##### Source material #####

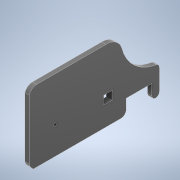
# Autodesk Inventor part: right_panel
Saved by Autodesk Inventor 2022 (Build 260153000, 153)
## iProperties
Created: 2021-06-17
Part Number: right_panel
Material: Plastic, Opaque Black
Document SubType Name: Modeling
Designer: kevin
Density: 0.952 g/cm^3
Appearance: Smooth - Black
Author: kevin
Autodesk Inventor part; units mm, degrees
ref_plane "YZ Plane" through (0, 0, 0) normal (1, 0, 0) x (0, 1, 0)
ref_plane "XZ Plane" through (0, 0, 0) normal (0, 1, 0) x (-1, 0, 0)
ref_plane "XY Plane" through (0, 0, 0) normal (0, 0, 1) x (1, 0, 0)
sketch "outline" plane through (0, 0, 0) normal (1, 0, 0) x (0, 1, 0)
  line L0 (0, 88.9038) -> (127, 88.9038) construction
  line L1 (127, 88.9038) -> (127, -88.8962) construction
  line L2 (127, -88.8962) -> (0, -88.8962) construction
  line L3 (0, -88.8962) -> (0, 88.9038) construction
  line L4 (0, 88.9038) -> (127, -88.8962) construction
  line L5 (127, 88.9038) -> (0, -88.8962) construction
  line L6 (-6.35, -82.5462) -> (38.1, -82.5462)
  line L7 (38.1, -82.5462) -> (38.1, -44.4462)
  line L8 (38.1, -44.4462) -> (-6.35, -44.4462)
  line L9 (-6.35, -44.4462) -> (-6.35, -82.5462)
  line L10 (4.9871, -50.7075) -> (22.0805, -50.7075) construction
  line L11 (22.0805, -50.7075) -> (22.0805, -80.6209) construction
  line L12 (22.0805, -80.6209) -> (4.9871, -80.6209) construction
  line L13 (4.9871, -80.6209) -> (4.9871, -50.7075) construction
  line L14 (179.262, 0.0038) -> (-38.2255, 0.0038) construction
  line L15 (0, 150.8125) -> (0, -173.0375) construction
  point P0 (63.5, 0.0038)
  point P1 (63.5, 0.0038)
  dimension "d0" = 177.8
  dimension "d1" = 127
  dimension "d2" = 38.1
  dimension "d3" = 44.45
  dimension "d4" = 6.35
  dimension "d5" = 6.35
  constraints: 24 end point, 4 horizontal, 4 parallel, 3 midpoint, 2 perpendicular, 2 vertical, 1 collinear, 1 point on line, 2 other
  measures "d0" distance of L0.end L1.end
  measures "d1" distance of L1.end L2.end
  measures "d2" distance of L8.end L6.start
  measures "d3" distance of L6.start L6.end
  measures "d4" distance between parallel lines of L6 L2
  measures "d5" distance between parallel lines of L9 L15
sketch "Sketch2" plane through (0, 0, 0) normal (1, 0, 0) x (0, 1, 0)
  line L0 (16.1492, -36.7509) -> (16.1492, 92.075)
  line L1 (25.5684, 98.5943) -> (113.7408, 98.5943)
  line L2 (121.8722, 87.4339) -> (121.8722, -14.7243)
  line L3 (38.1007, -44.45) -> (38.1007, -82.55)
  line L4 (38.1007, -44.45) -> (12.7007, -44.45)
  line L5 (38.1007, -82.55) -> (17.4632, -82.55)
  arc A0 (121.8722, 87.4339) -> (113.7408, 98.5943) centre (110.1475, 87.4339) ccw
  line L6 (31.7507, -44.45) -> (31.7507, 88.9) construction
  line L7 (25.4007, -44.45) -> (25.4007, 88.9) construction
  circle A1 centre (56.4395, 60.4012) radius 2.3813
  line L8 (0, -88.9) -> (117.475, -88.9) construction
  arc A2 (22.225, -82.55) -> (22.225, -93.6625) centre (22.225, -88.1063) ccw
  line L9 (22.225, -93.6625) -> (52.3875, -93.6625)
  arc A3 (104.2778, -38.5424) -> (58.7375, -88.9) centre (120.3654, -98.8617) ccw
  arc A4 (104.2778, -38.5424) -> (121.8722, -14.7243) centre (98.1639, -15.6185) ccw
  arc A5 (16.1492, -36.7509) -> (25.4007, -44.45) centre (23.7736, -36.9971) ccw
  arc A6 (25.5684, 98.5943) -> (16.1492, 92.075) centre (28.7116, 83.9887) ccw
  arc A7 (52.3875, -93.6625) -> (58.7375, -88.9) centre (53.0922, -87.9875) ccw
  point P0 (0, 0)
  point P1 (22.1466, -44.45)
  dimension "d6" = 6.35
  dimension "d7" = 6.35
  dimension "d8" = 4.7625
  dimension "d9" = 24.6888
  dimension "d10" = 149.3012
  constraints: 20 end point, 14 point on circle, 8 centre point, 8 horizontal, 6 vertical, 4 tangent, 2 midpoint, 2 point on line
  measures "d6" distance between parallel lines of L6 L3
  measures "d7" distance between parallel lines of L7 L6
  measures "d8" diameter of A1
  measures "d9" distance from line of L6 A1.centre
  measures "d10" distance from line of A1.centre L8
extrude "main right panel" add sketch "Sketch2" along normal blind 6.35 contours L0 A6 L1 A0 L2 A4 A3 A7 L9 A2 L5 L3 L4 A5
sketch "rat icon raw" plane through (6.35, 0, 0) normal (1, 0, 0) x (0, 0, -1)
  line L0 (-53.1267, 106.3625) -> (-10.9673, 106.3625) construction
  line L1 (-10.9673, 106.3625) -> (-10.9673, 68.2625) construction
  line L2 (-10.9673, 68.2625) -> (-53.1267, 68.2625) construction
  line L3 (-53.1267, 68.2625) -> (-53.1267, 106.3625) construction
  line L4 (-80.9625, 106.3625) -> (-14.2875, 106.3625) construction
  line L5 (-80.9625, 68.2625) -> (-14.2875, 68.2625) construction
  point P0 (0, 0)
  constraints: 4 end point, 4 horizontal, 2 collinear, 2 other
sketch "Sketch6" plane through (6.35, 0, 0) normal (1, 0, 0) x (0, 0, -1)
  line L0 (-90.482, 107.6466) -> (-76.2, 109.283)
  line L1 (-76.2, 109.283) -> (-77.7875, 104.5205)
  line L2 (-77.7875, 104.5205) -> (-82.9028, 104.5205)
  line L3 (-82.9028, 104.5205) -> (-81.9686, 96.3676)
  line L4 (-81.9686, 96.3676) -> (-86.8566, 96.3676)
  line L5 (-86.8566, 96.3676) -> (-85.1932, 104.5205)
  line L6 (-85.1932, 104.5205) -> (-91.0958, 104.5205)
  line L7 (-91.0958, 104.5205) -> (-90.482, 107.6466)
  line L8 (-73.7939, 108.2258) -> (-76.2, 96.3676)
  line L9 (-76.2, 96.3676) -> (-73.7454, 96.3676)
  line L10 (-73.7454, 96.3676) -> (-73.0058, 100.0125)
  line L11 (-73.0058, 100.0125) -> (-71.4375, 99.6943)
  line L12 (-71.4375, 99.6943) -> (-71.4375, 96.3676)
  line L13 (-71.4375, 96.3676) -> (-69.85, 96.3676)
  line L14 (-69.85, 96.3676) -> (-69.85, 101.3768)
  line L15 (-69.85, 101.3768) -> (-72.5181, 102.4162)
  line L16 (-72.5181, 102.4162) -> (-72.5181, 108.2258)
  line L17 (-72.5181, 108.2258) -> (-73.7939, 108.2258)
  line L18 (-65.1277, 100.0518) -> (-60.3603, 100.4265)
  line L19 (-60.3603, 100.4265) -> (-61.915, 103.1887)
  line L20 (-61.915, 103.1887) -> (-65.8535, 103.1887)
  line L21 (-65.8535, 103.1887) -> (-67.3493, 100.0125)
  line L22 (-67.3493, 100.0125) -> (-65.851, 96.3676)
  line L23 (-65.851, 96.3676) -> (-61.9125, 96.3676)
  line L24 (-61.9125, 96.3676) -> (-61.0199, 98.263)
  line L25 (-61.0199, 98.263) -> (-64.9627, 97.9531)
  line L26 (-64.9627, 97.9531) -> (-65.1277, 100.0518)
  line L27 (-92.0732, 92.0678) -> (-88.8982, 71.4303)
  line L28 (-88.8982, 71.4303) -> (-84.5851, 71.4303)
  line L29 (-84.5851, 71.4303) -> (-88.1511, 81.4759)
  line L30 (-88.1511, 81.4759) -> (-79.1594, 71.8603)
  line L31 (-79.1594, 71.8603) -> (-76.0148, 73.6303)
  line L32 (-76.0148, 73.6303) -> (-85.6976, 83.1021)
  line L33 (-85.6976, 83.1021) -> (-79.375, 84.8156)
  line L34 (-79.375, 84.8156) -> (-80.2421, 90.4519)
  line L35 (-80.2421, 90.4519) -> (-86.7416, 93.5127)
  line L36 (-86.7416, 93.5127) -> (-92.0732, 92.0678)
  line L37 (-88.9716, 89.5226) -> (-87.785, 85.1441)
  line L38 (-87.785, 85.1441) -> (-83.4928, 86.9084)
  line L39 (-83.4928, 86.9084) -> (-85.2835, 90.09)
  line L40 (-85.2835, 90.09) -> (-88.9716, 89.5226)
  line L41 (-64.6954, 101.9367) -> (-64.9301, 100.9638)
  line L42 (-64.9301, 100.9638) -> (-62.5497, 101.2457)
  line L43 (-62.5497, 101.2457) -> (-63.5298, 102.4036)
  line L44 (-63.5298, 102.4036) -> (-64.6954, 101.9367)
  line L45 (-76.7521, 84.3599) -> (-74.2642, 86.4657)
  line L46 (-74.2642, 86.4657) -> (-67.2415, 87.5488)
  line L47 (-67.2415, 87.5488) -> (-63.3352, 73.4152)
  line L48 (-63.3352, 73.4152) -> (-66.1281, 72.9844)
  line L49 (-66.1281, 72.9844) -> (-66.4584, 75.1263)
  line L50 (-66.4584, 75.1263) -> (-68.2934, 73.264)
  line L51 (-68.2934, 73.264) -> (-73.1451, 72.5157)
  line L52 (-73.1451, 72.5157) -> (-74.9114, 74.256)
  line L53 (-74.9114, 74.256) -> (-75.6403, 78.9817)
  line L54 (-75.6403, 78.9817) -> (-74.0283, 80.6177)
  line L55 (-74.0283, 80.6177) -> (-67.6783, 81.5971)
  line L56 (-67.6783, 81.5971) -> (-69.2347, 85.4828)
  line L57 (-69.2347, 85.4828) -> (-73.6131, 84.2727)
  line L58 (-73.6131, 84.2727) -> (-74.9869, 83.1098)
  line L59 (-74.9869, 83.1098) -> (-76.7521, 84.3599)
  line L60 (-72.0695, 78.6877) -> (-72.3134, 78.5673)
  line L61 (-72.3134, 78.5673) -> (-72.3134, 75.1263)
  line L62 (-72.3134, 75.1263) -> (-68.8702, 75.1263)
  line L63 (-68.8702, 75.1263) -> (-67.1347, 76.6189)
  line L64 (-67.1347, 76.6189) -> (-68.5083, 79.4017)
  line L65 (-68.5083, 79.4017) -> (-72.0695, 78.6877)
  line L66 (-61.8214, 93.0066) -> (-61.1645, 86.6956)
  line L67 (-61.1645, 86.6956) -> (-63.0921, 86.495)
  line L68 (-63.0921, 86.495) -> (-63.0921, 83.125)
  line L69 (-63.0921, 83.125) -> (-60.7929, 83.125)
  line L70 (-60.7929, 83.125) -> (-60.1157, 76.6189)
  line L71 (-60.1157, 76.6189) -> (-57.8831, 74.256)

#####

What you need to do: What is the number of lines in the entries that include the string "other"? Reply with that number alone.

Completed exercise: 2